In terms of ‘couples comparison,’ some major trends include the following: Sue tends to be more social, gregarious, and extraverted than Jim. In terms of anxiety, Jim is the more anxious and stressed of the two. Sue is more independent than Jim, and does not need as much regular affirmation of her self-worth from others or activities.

The counselor went over all of the test data with Sue and Jim. They agreed they had very different ideas about saving for the future. Jim noted, ‘I get alot of enjoyment from my hobby with cars, and since I am paying for it myself, I think I have a right to this.’ The counselor noted that because Sue gets a great deal of satisfaction from her social life, she may not have to purchase ‘things.’ Another area the counselor brought up for discussion was whether Jim goes along with Sue’s plans without expressing his opinions. They both agreed that this occurs. When the counselor brought up the topics of extended families as well as how each felt about having children, Jim laughed and said ‘There’s alot to talk about here’ while Sue remained surprisingly quiet.

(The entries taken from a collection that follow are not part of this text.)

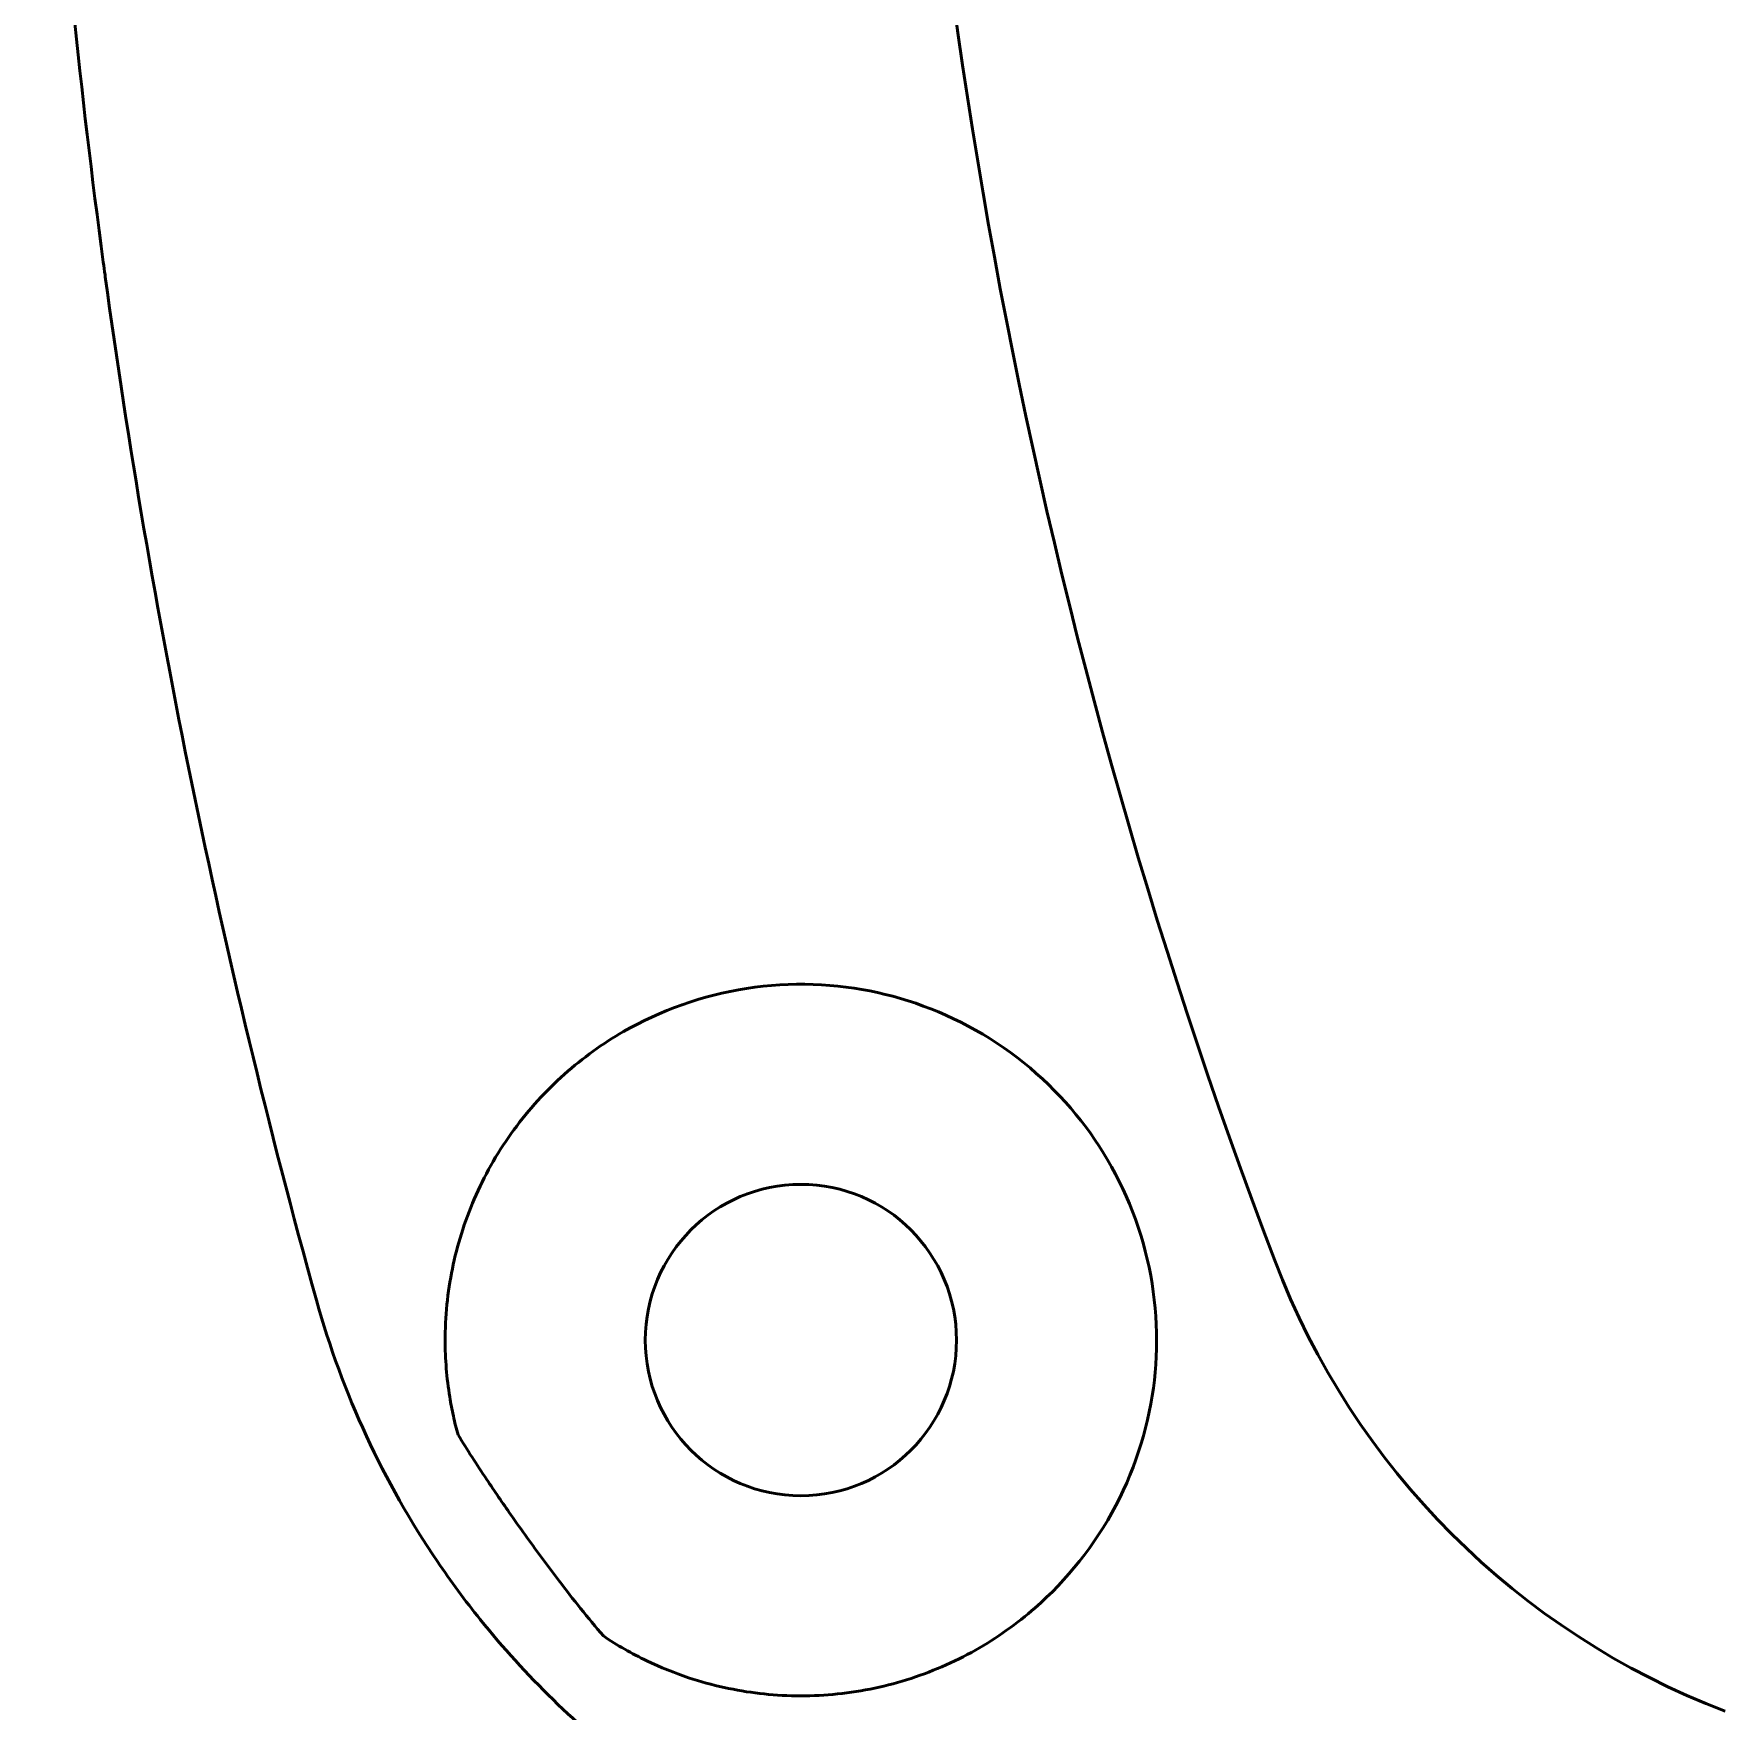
# Model space of a CAD drawing. Header units: millimetres. Extents: x 1510 to 10524, y 7125 to 13164.
# Drawn here: x 7872.24 to 7879.85, y 12649.05 to 12656.59 of the extents above; entities that cross this region are included whole.
import ezdxf

# ---------------------------------------------------------------- set-up
doc = ezdxf.new("R2010")
doc.units = ezdxf.units.MM
doc.header["$LTSCALE"] = 4
doc.layers.add('Visible (ISO)', color=7, linetype='Continuous', lineweight=50)

msp = doc.modelspace()

# ---------------------------------------------------------------- linework, layer by layer
at = {"layer": 'Visible (ISO)'}
msp.add_circle((7875.6904, 12650.72), 0.7, dxfattribs=at)
for centre, radius, start, end in [((7901.8404, 12660.22), 25.7, 159.16048, 200.83952), ((7881.0927, 12652.3223), 3.5, 200.83952, 249.16048), ((7875.6904, 12650.72), 1.6, 244.33514, 244.33629)]:
    msp.add_arc(centre, radius, start, end, dxfattribs=at)
for points, knots in [([(7873.5113, 12650.8991), (7873.0774, 12652.4606), (7872.767, 12654.0006), (7872.5617, 12655.5006), (7872.5613, 12655.5036), (7872.561, 12655.5064), (7872.5605, 12655.5094), (7872.558, 12655.5283), (7872.5554, 12655.5473), (7872.5528, 12655.5663), (7872.4496, 12656.3317), (7872.3723, 12657.0961), (7872.3205, 12657.8577), (7872.2691, 12658.6137), (7872.2428, 12659.367), (7872.2405, 12660.1159), (7872.2405, 12660.14), (7872.2404, 12660.164), (7872.2404, 12660.1883), (7872.2403, 12660.3063), (7872.2408, 12660.4244), (7872.2419, 12660.5426), (7872.2444, 12660.8175), (7872.2502, 12661.0929), (7872.2594, 12661.3689), (7872.2659, 12661.5659), (7872.274, 12661.7632), (7872.2839, 12661.9608), (7872.2936, 12662.1538), (7872.3049, 12662.3472), (7872.3178, 12662.5405), (7872.3181, 12662.5449), (7872.3184, 12662.5492), (7872.3187, 12662.5536), (7872.3711, 12663.3338), (7872.4501, 12664.1169), (7872.5565, 12664.9009), (7872.5569, 12664.904), (7872.5574, 12664.9072), (7872.5578, 12664.9102), (7872.763, 12666.4196), (7873.0746, 12667.9694), (7873.5113, 12669.5409)], [0, 0, 0, 0, 0.249512, 0.249512, 0.249512, 0.249997, 0.249997, 0.249997, 0.253018, 0.253018, 0.253018, 0.375, 0.375, 0.375, 0.496094, 0.496094, 0.496094, 0.499998, 0.499998, 0.499998, 0.518912, 0.518912, 0.518912, 0.562911, 0.562911, 0.562911, 0.594323, 0.594323, 0.594323, 0.625, 0.625, 0.625, 0.625697, 0.625697, 0.625697, 0.749512, 0.749512, 0.749512, 0.75, 0.75, 0.75, 1, 1, 1, 1]), ([(7874.9974, 12649.2779), (7875.0586, 12649.2485), (7875.1214, 12649.2231), (7875.291, 12649.1667), (7875.3992, 12649.1432), (7875.6118, 12649.1184), (7875.7231, 12649.1165), (7875.9462, 12649.1367), (7876.0581, 12649.1587), (7876.2741, 12649.226), (7876.3785, 12649.2712), (7876.573, 12649.3808), (7876.663, 12649.4451), (7876.885, 12649.6391), (7877.0136, 12649.7983), (7877.2005, 12650.1544), (7877.2588, 12650.3513), (7877.3012, 12650.7246), (7877.2894, 12650.9272), (7877.1896, 12651.3136), (7877.1014, 12651.4973), (7876.8833, 12651.8027), (7876.7381, 12651.9457), (7876.405, 12652.1654), (7876.2171, 12652.2423), (7875.8503, 12652.3233), (7875.6451, 12652.332), (7875.2477, 12652.2707), (7875.0554, 12652.2006), (7874.8923, 12652.1068), (7874.7999, 12652.0536), (7874.7098, 12651.9892), (7874.5431, 12651.8408), (7874.4664, 12651.7567), (7874.3327, 12651.5742), (7874.2756, 12651.4756), (7874.1841, 12651.2711), (7874.1498, 12651.1652), (7874.1043, 12650.956), (7874.0915, 12650.846), (7874.0904, 12650.7296), (7874.0904, 12650.7248), (7874.0904, 12650.72)], [-6.359222, -6.359222, -6.359222, -6.359222, -6.165741, -6.165741, -5.843627, -5.843627, -5.518651, -5.518651, -5.193675, -5.193675, -4.868699, -4.868699, -4.543723, -4.543723, -3.970715, -3.970715, -3.397707, -3.397707, -2.834784, -2.834784, -2.271861, -2.271861, -1.708938, -1.708938, -1.146015, -1.146015, -0.573008, -0.573008, 0, 0, 0, 0.324976, 0.324976, 0.649952, 0.649952, 0.974929, 0.974929, 1.299905, 1.299905, 1.622018, 1.622018, 1.635808, 1.635808, 1.635808, 1.635808]), ([(7877.3653, 12647.97), (7876.9756, 12647.97), (7876.5959, 12648.0273), (7876.2402, 12648.1315), (7876.2147, 12648.139), (7876.1895, 12648.1467), (7876.1643, 12648.1546), (7876.1517, 12648.1586), (7876.1392, 12648.1626), (7876.1266, 12648.1666), (7876.1204, 12648.1687), (7876.1141, 12648.1707), (7876.1079, 12648.1728), (7876.1048, 12648.1738), (7876.1016, 12648.1749), (7876.0985, 12648.1759), (7876.0954, 12648.177), (7876.0924, 12648.178), (7876.0892, 12648.1791), (7875.7249, 12648.3017), (7875.3832, 12648.4755), (7875.0759, 12648.69), (7875.0539, 12648.7053), (7875.0322, 12648.7208), (7875.0106, 12648.7366), (7874.9998, 12648.7444), (7874.989, 12648.7524), (7874.9783, 12648.7603), (7874.9729, 12648.7643), (7874.9676, 12648.7683), (7874.9623, 12648.7723), (7874.9569, 12648.7763), (7874.9517, 12648.7803), (7874.9463, 12648.7844), (7874.6863, 12648.9818), (7874.4514, 12649.2106), (7874.248, 12649.4635), (7874.1802, 12649.5478), (7874.1158, 12649.6349), (7874.0553, 12649.7241), (7873.8132, 12650.081), (7873.628, 12650.4792), (7873.5113, 12650.8991)], [0, 0, 0, 0, 0.21875, 0.21875, 0.21875, 0.234375, 0.234375, 0.234375, 0.242187, 0.242187, 0.242187, 0.246094, 0.246094, 0.246094, 0.248047, 0.248047, 0.248047, 0.25, 0.25, 0.25, 0.46875, 0.46875, 0.46875, 0.484375, 0.484375, 0.484375, 0.492187, 0.492187, 0.492187, 0.496094, 0.496094, 0.496094, 0.5, 0.5, 0.5, 0.6875, 0.6875, 0.6875, 0.75, 0.75, 0.75, 1, 1, 1, 1]), ([(7874.111, 12650.464), (7874.1157, 12650.4354), (7874.1211, 12650.4069), (7874.1335, 12650.3502), (7874.1404, 12650.322), (7874.1482, 12650.294)], [0.0000001, 0.0000001, 0.0000001, 0.0000001, 0.0873046, 0.0873046, 0.1746265, 0.1746265, 0.1746265, 0.1746265]), ([(7874.1482, 12650.294), (7874.1898, 12650.2265), (7874.2328, 12650.1598), (7874.3123, 12650.0407), (7874.3491, 12649.9869), (7874.41, 12649.9), (7874.4348, 12649.865), (7874.5053, 12649.767), (7874.5531, 12649.7022), (7874.6659, 12649.5543), (7874.7325, 12649.4709), (7874.8021, 12649.3893)], [-1.11675, -1.11675, -1.11675, -1.11675, -0.879261, -0.879261, -0.686827, -0.686827, -0.558434, -0.558434, -0.321498, -0.321498, -0.000003, -0.000003, -0.000003, -0.000003]), ([(7874.8021, 12649.3893), (7874.8333, 12649.3685), (7874.8652, 12649.3487), (7874.9304, 12649.3116), (7874.9636, 12649.2941), (7874.9974, 12649.2779)], [0, 0, 0, 0, 0.1129451, 0.1129451, 0.2258264, 0.2258264, 0.2258264, 0.2258264])]:
    msp.add_open_spline(points, degree=3, knots=knots, dxfattribs=at)
msp.add_open_spline([(7874.0904, 12650.72), (7874.0904, 12650.635), (7874.0973, 12650.549), (7874.111, 12650.464)], degree=3, dxfattribs=at)

doc.saveas('drawing.dxf')

Together, Sue and Jim decided that they would benefit from several more counseling sessions to talk about the concerns raised by the testing.

My own bias regarding psychological testing is that it should only be done when it provides information that can’t be provided by more direct means. Binet came up with the idea for an “intelligence test” when parents, teachers and physicians in Paris could not agree on how to provide the right education for particular children. The Minnesota Multiphasic Personality Inventory (MMPI) or Beck Hopelessness Scale came about when psychiatrists and psychologists could not agree on important diagnoses and prognoses through interviews. In an ideal church, the experiences of the married couples and sacramental ministers themselves might be enough of a source of wisdom and guidance for those planning to marry. But this is a complex world, with a high divorce rate. Do you think psychological testing can add to, in Cardinal O’Connor’s phrase, the sacramental resources of religion itself?

William Van Ornum

 

 William Van Ornum is professor of psychology at Marist College and director of research and development/grants at American Mental Health Foundation in New York City. He studied theology and scripture at DePaul University.